Mencintai Anak dan Istri adalah Ibadah, Mencukupi Kebutuhannya adalah Sedekah

Mencintai Anak dan Istri adalah Ibadah, Mencukupi Kebutuhannya adalah Sedekah
Kehadiran seorang istri bagi seorang laki-laki yang baru menikah tentulah menjadi anugerah yang terindah.

 Bukankah Adam merasa kesepian sebelum hadirnya Hawa ditengah kenikmatan surga yang dirasa.

 Demikian pun dengan kehadiran anak bagi pasangan yang telah menikah, juga menjadi harapan.

Mencintai Anak dan Istri adalah Ibadah, Mencukupi Kebutuhannya adalah Sedekah
Harapan tentang berlanjutnya siklus kehidupan dengan mewujudnya keturunan. Harapan tentang masa depan anak yang cemerlang.

 Harapan tentang misi peradaban. Semua menjadi satu dalam kehidupan yang dijalani, kehidupan berumah tangga.

Sahabat sepercikhikmah mencintai meraka adalah ibadah. Mencukupkan keperluan mereka adalah sedekah. Amanah yang musti dijaga, selalu sepanjang masa.

 Karena yang saat ini sedang bersama, bisa menjadi tiada.
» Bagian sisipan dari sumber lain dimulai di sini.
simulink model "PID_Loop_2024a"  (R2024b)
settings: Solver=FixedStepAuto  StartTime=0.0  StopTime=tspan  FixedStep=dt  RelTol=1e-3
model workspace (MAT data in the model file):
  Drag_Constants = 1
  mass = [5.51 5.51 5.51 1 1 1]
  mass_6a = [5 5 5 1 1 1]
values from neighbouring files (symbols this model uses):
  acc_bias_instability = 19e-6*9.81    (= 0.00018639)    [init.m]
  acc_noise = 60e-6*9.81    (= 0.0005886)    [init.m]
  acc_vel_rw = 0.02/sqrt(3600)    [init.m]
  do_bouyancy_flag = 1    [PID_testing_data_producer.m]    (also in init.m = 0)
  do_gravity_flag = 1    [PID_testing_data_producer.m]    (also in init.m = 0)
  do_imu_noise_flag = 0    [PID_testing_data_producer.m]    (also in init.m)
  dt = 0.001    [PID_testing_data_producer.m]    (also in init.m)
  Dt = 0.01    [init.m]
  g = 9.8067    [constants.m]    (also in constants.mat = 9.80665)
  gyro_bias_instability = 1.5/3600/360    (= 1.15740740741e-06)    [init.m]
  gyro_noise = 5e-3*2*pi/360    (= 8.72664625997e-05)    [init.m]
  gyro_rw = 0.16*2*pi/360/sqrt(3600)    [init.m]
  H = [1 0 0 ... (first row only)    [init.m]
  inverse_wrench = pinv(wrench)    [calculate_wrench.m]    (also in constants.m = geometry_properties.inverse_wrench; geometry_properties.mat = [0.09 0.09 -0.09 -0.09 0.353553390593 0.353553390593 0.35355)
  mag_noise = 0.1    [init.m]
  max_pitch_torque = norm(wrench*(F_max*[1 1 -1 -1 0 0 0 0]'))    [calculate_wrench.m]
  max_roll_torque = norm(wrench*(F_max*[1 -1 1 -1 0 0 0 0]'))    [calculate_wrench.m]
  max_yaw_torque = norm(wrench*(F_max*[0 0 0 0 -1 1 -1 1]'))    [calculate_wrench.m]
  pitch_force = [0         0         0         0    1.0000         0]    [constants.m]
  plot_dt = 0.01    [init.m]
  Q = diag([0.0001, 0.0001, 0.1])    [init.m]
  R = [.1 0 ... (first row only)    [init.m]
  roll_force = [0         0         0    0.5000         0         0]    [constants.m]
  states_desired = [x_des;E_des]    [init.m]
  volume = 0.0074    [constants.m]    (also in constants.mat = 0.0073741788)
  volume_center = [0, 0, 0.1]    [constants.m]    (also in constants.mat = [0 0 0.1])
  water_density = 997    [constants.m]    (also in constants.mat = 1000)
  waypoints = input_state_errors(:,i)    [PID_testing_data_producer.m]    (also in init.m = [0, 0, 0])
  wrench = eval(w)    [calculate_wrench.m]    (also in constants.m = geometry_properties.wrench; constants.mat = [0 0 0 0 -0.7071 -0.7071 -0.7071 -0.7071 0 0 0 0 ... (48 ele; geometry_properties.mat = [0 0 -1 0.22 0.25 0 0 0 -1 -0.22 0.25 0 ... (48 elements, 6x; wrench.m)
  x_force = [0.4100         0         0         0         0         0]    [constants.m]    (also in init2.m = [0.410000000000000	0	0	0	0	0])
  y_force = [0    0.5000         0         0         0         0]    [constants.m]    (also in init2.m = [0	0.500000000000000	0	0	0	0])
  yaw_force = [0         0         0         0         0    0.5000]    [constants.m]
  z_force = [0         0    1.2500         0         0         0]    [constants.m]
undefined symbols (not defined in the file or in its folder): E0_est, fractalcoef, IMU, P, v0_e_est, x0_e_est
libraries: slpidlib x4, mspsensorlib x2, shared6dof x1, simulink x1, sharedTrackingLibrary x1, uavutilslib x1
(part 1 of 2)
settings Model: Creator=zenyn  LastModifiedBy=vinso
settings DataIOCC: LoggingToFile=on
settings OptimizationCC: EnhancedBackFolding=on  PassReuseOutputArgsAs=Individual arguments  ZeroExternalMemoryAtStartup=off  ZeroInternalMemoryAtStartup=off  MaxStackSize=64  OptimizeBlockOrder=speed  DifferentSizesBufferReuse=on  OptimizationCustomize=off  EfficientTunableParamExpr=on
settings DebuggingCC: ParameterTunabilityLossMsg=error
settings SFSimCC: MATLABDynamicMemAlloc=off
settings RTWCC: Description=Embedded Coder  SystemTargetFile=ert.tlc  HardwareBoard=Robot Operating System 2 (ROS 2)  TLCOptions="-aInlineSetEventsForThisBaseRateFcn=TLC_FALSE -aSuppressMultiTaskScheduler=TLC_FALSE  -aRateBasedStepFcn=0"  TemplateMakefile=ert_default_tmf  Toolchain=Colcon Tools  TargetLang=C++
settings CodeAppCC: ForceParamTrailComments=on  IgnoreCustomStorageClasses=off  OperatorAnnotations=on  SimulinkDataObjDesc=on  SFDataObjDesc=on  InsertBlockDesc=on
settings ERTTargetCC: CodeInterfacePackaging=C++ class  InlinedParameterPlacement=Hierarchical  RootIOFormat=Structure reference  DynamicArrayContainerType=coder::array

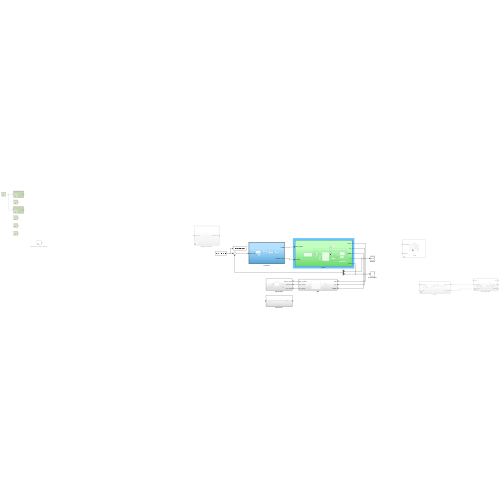
[thumbnail: Simulink's stored preview of the top-level diagram]
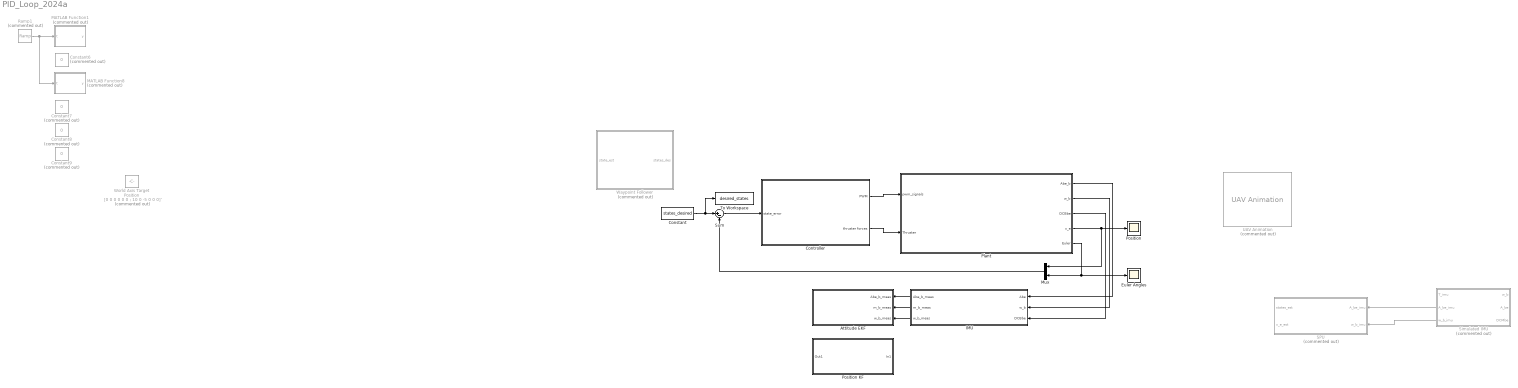
== system PID_Loop_2024a ==
  Attitude EKF : Subsystem
  Constant : Constant  Value=states_desired
  Constant{6..9} (4 alike) : Constant  Commented=on  Value=0
  Controller : Subsystem  TreatAsAtomicUnit=on
  Euler Angles : Scope
  IMU : Subsystem
  MATLAB Function1 : MATLAB Function  Commented=on  TreatAsAtomicUnit=on
  MATLAB Function8 : MATLAB Function  Commented=on  TreatAsAtomicUnit=on
  Mux : Mux  Inputs=2
  Plant : Subsystem
  Position : Scope
  Position KF : Subsystem
  Ramp1 : simulink/Sources/Ramp  Commented=on  slope=1  start=0  InitialOutput=0
  SPU : Subsystem  Commented=on
  Simulated IMU : Subsystem  Commented=on
  Sum : Sum  Inputs=|+-
  To Workspace : ToWorkspace  VariableName=desired_states  SaveFormat=Timeseries  SampleTime=Dt
  UAV Animation : uavutilslib/UAV Animation  Commented=on  NumUAV=1  DynamicUAVConfig=off  UAVType=FixedWing  UAVSize=1  UAVColor=[1 0 0]  UAVTrajectoryAlpha=1  InertialZDirection=Down  RotationFormat=Quaternion  DrawMarkers=off  SampleTime=Dt
  Waypoint Follower : Subsystem  Commented=on
  World Axis Target Position : Constant  Commented=on  Value=[0 0 0 0 0 0 ; 10 0 -5 0 0 0]'
  wires:
  Ramp1/1 -> MATLAB Function8/1(t), MATLAB Function1/1(t)
  Simulated IMU/2(A_be_imu) -> SPU/1(A_be_imu)
  Simulated IMU/3(w_b_imu) -> SPU/2(w_b_imu)
  Constant/1 -> Sum/1, To Workspace/1
  Plant/4(x_e) -> Position/1, Mux/1
  Sum/1 -> Controller/1(state_error)
  IMU/1(Abe_b_meas) -> Attitude EKF/1(Abe_b_meas)
  IMU/2(m_b_meas) -> Attitude EKF/2(m_b_meas)
  IMU/3(w_b_meas) -> Attitude EKF/3(w_b_meas)
  Plant/1(Abe_b) -> IMU/1(Abe)
  Plant/3(DCBbe) -> IMU/3(DCBbe)
  Plant/2(w_b) -> IMU/2(w_b)
  Controller/2(thruster forces) -> Plant/2(Thruster)
  Controller/1(PWM) -> Plant/1(pwm_signals)
  Plant/5(Euler) -> Mux/2, Euler Angles/1
  Mux/1 -> Sum/2

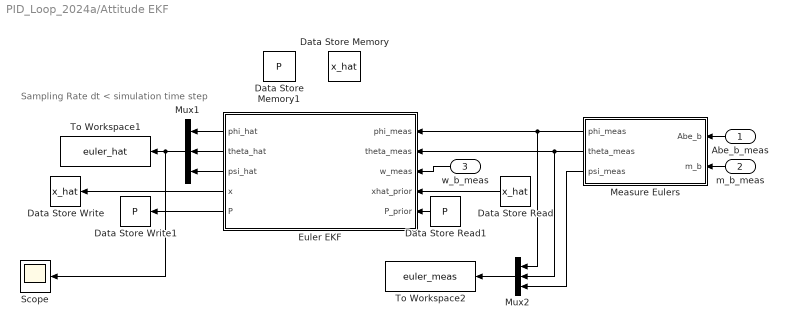
== system PID_Loop_2024a/Attitude EKF ==
  note: Sampling Rate dt < simulation time step
  Abe_b_meas : Inport
  m_b_meas : Inport  Port=2
  w_b_meas : Inport  Port=3
  Data Store Memory : DataStoreMemory  DataStoreName=x_hat  WriteAfterWriteMsg=warning  InitialValue=xhat0  ShowAdditionalParam=off
  Data Store Memory1 : DataStoreMemory  DataStoreName=P  WriteAfterWriteMsg=warning  InitialValue=P0  ShowAdditionalParam=off
  Data Store Read : DataStoreRead  DataStoreName=x_hat  IndexOptions=Index vector (dialog)  Indices=1  OutputSizes=1
  Data Store Read1 : DataStoreRead  DataStoreName=P  IndexOptions=Index vector (dialog)  Indices=1  OutputSizes=1
  Data Store Write : DataStoreWrite  DataStoreName=x_hat  IndexOptions=Index vector (dialog)  Indices=1  OutputSizes=1
  Data Store Write1 : DataStoreWrite  DataStoreName=P  IndexOptions=Index vector (dialog)  Indices=1  OutputSizes=1
  Euler EKF : MATLAB Function  TreatAsAtomicUnit=on
  Measure Eulers : MATLAB Function  TreatAsAtomicUnit=on
  Mux1 : Mux  Inputs=3
  Mux2 : Mux  Inputs=3
  Scope : Scope
  To Workspace1 : ToWorkspace  VariableName=euler_hat  SaveFormat=Timeseries  SampleTime=plot_dt
  To Workspace2 : ToWorkspace  VariableName=euler_meas  SaveFormat=Timeseries  SampleTime=plot_dt
  wires:
  Measure Eulers/1(phi_meas) -> Euler EKF/1(phi_meas), Mux2/1
  Euler EKF/4(x) -> Data Store Write/1
  Measure Eulers/2(theta_meas) -> Mux2/2, Euler EKF/2(theta_meas)
  Mux1/1 -> Scope/1, To Workspace1/1
  Data Store Read1/1 -> Euler EKF/5(P_prior)
  Euler EKF/1(phi_hat) -> Mux1/1
  Euler EKF/5(P) -> Data Store Write1/1
  Euler EKF/3(psi_hat) -> Mux1/3
  Euler EKF/2(theta_hat) -> Mux1/2
  Data Store Read/1 -> Euler EKF/4(xhat_prior)
  Abe_b_meas/1 -> Measure Eulers/1(Abe_b)
  Measure Eulers/3(psi_meas) -> Mux2/3
  Mux2/1 -> To Workspace2/1
  m_b_meas/1 -> Measure Eulers/2(m_b)
  w_b_meas/1 -> Euler EKF/3(w_meas)

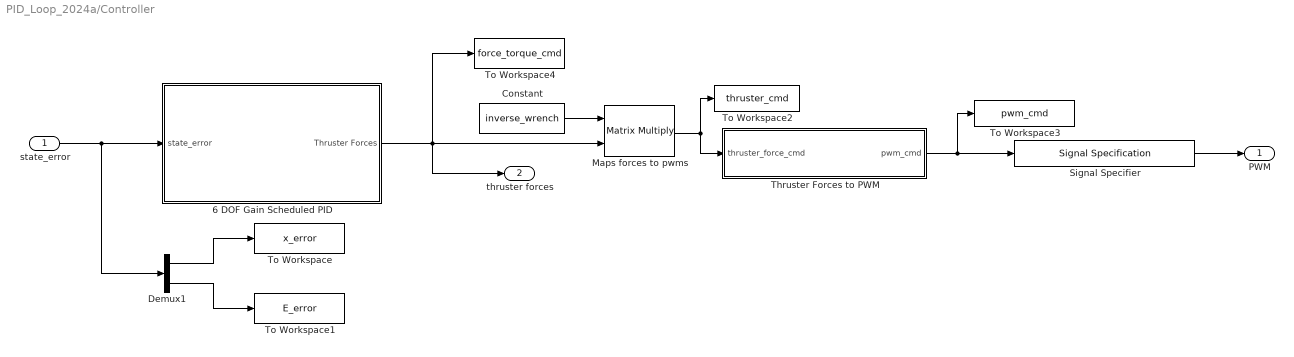
== system PID_Loop_2024a/Controller ==
  state_error : Inport
  6 DOF Gain Scheduled PID : Subsystem
  Constant : Constant  Value=inverse_wrench
  Demux1 : Demux  Outputs=2
  Maps forces to pwms : Product  Multiplication=Matrix(*)
  Signal Specifier : SignalSpecification  OutMin=[1200 ]  OutMax=[ 1800 ]  OutDataTypeStr=double  Unit=µs  Dimensions=[8 1]
  Thruster Forces to PWM : MATLAB Function  TreatAsAtomicUnit=on
  To Workspace : ToWorkspace  VariableName=x_error  SaveFormat=Timeseries  SampleTime=plot_dt
  To Workspace1 : ToWorkspace  VariableName=E_error  SaveFormat=Timeseries  SampleTime=plot_dt
  To Workspace2 : ToWorkspace  VariableName=thruster_cmd  SaveFormat=Timeseries  SampleTime=-1
  To Workspace3 : ToWorkspace  VariableName=pwm_cmd  SaveFormat=Timeseries  SampleTime=-1
  To Workspace4 : ToWorkspace  VariableName=force_torque_cmd  SaveFormat=Timeseries  SampleTime=plot_dt
  PWM : Outport
  thruster forces : Outport  Port=2
  wires:
  Thruster Forces to PWM/1(pwm_cmd) -> Signal Specifier/1, To Workspace3/1
  Signal Specifier/1 -> PWM/1
  Demux1/1 -> To Workspace/1
  Demux1/2 -> To Workspace1/1
  Maps forces to pwms/1 -> Thruster Forces to PWM/1(thruster_force_cmd), To Workspace2/1
  Constant/1 -> Maps forces to pwms/1
  state_error/1 -> 6 DOF Gain Scheduled PID/1(state_error), Demux1/1
  6 DOF Gain Scheduled PID/1(Thruster Forces) -> Maps forces to pwms/2, thruster forces/1, To Workspace4/1

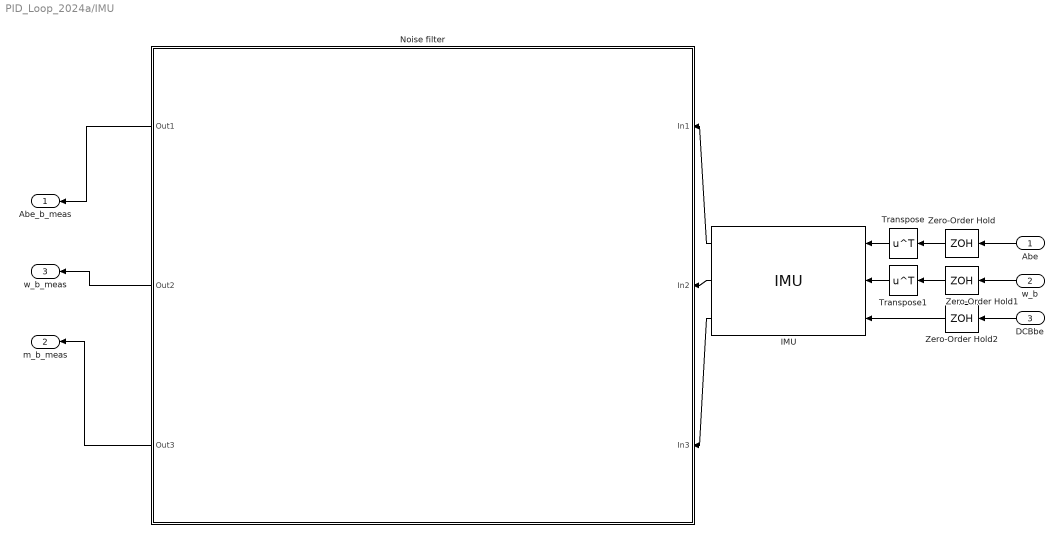
== system PID_Loop_2024a/IMU ==
  Abe : Inport
  w_b : Inport  Port=2
  DCBbe : Inport  Port=3
  IMU : mspsensorlib/IMU  DispRefFrame=NED  TemperaturePort=off  Temperature=25  MagneticFieldPort=off  MagneticFieldNED=[ 27.5550, -2.4169, -16.0849 ]  MagneticFieldENU=[ -2.4169, 27.5550, 16.0849 ]  SeedDouble=67  SimulateUsing=Interpreted execution  AccelParamsMeasurementRange=Inf  AccelParamsResolution=0  AccelParamsConstantBias=[ 0, 0, 0 ]  AccelParamsAxesMisalignment=[ 100, 0, 0; 0, 100, 0; 0, 0, 100 ]  AccelParamsNoiseDensity=acc_vel_rw*[ 1, 1, 1 ]  AccelParamsBiasInstability=acc_bias_instability*[ 1, 1, 1 ]  AccelParamsBiasInstabilityNumerator=fractalcoef().Numerator  AccelParamsBiasInstabilityDenominator=fractalcoef().Denominator  AccelParamsRandomWalk=acc_noise*[1, 1, 1]  AccelParamsNoiseType=double-sided  AccelParamsTemperatureBias=[ 0, 0, 0 ]  AccelParamsTemperatureScaleFactor=[ 0, 0, 0 ]  GyroParamsMeasurementRange=Inf  GyroParamsResolution=0  GyroParamsConstantBias=[ 0, 0, 0 ]  GyroParamsAxesMisalignment=[ 100, 0, 0; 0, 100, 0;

Semuanya akan pergi, pada saatnya.

Cobalah lihat pasangan kita dalam lelapnya. 

Cobalah sesekali meratapi gurat wajah penuh kepolosan anak kita dalam nyenyaknya. Pada mereka ada peluang ibadah yang terbuka lebar. Ibadah diatas ibadah.

Sahabat dakwah, teringat akan pesan mulia dari lisan sebaik manusia, “Ada dinar yang kamu infakkan di jalan Allah, dinar yang kamu infakkan untuk memerdekakan budak dan dinar yang kamu sedekahkan kepada orang miskin. Namun dinar yang kamu keluarkan untuk keluargamu (anak-istri) lebih besar pahalanya.” (HR. Muslim).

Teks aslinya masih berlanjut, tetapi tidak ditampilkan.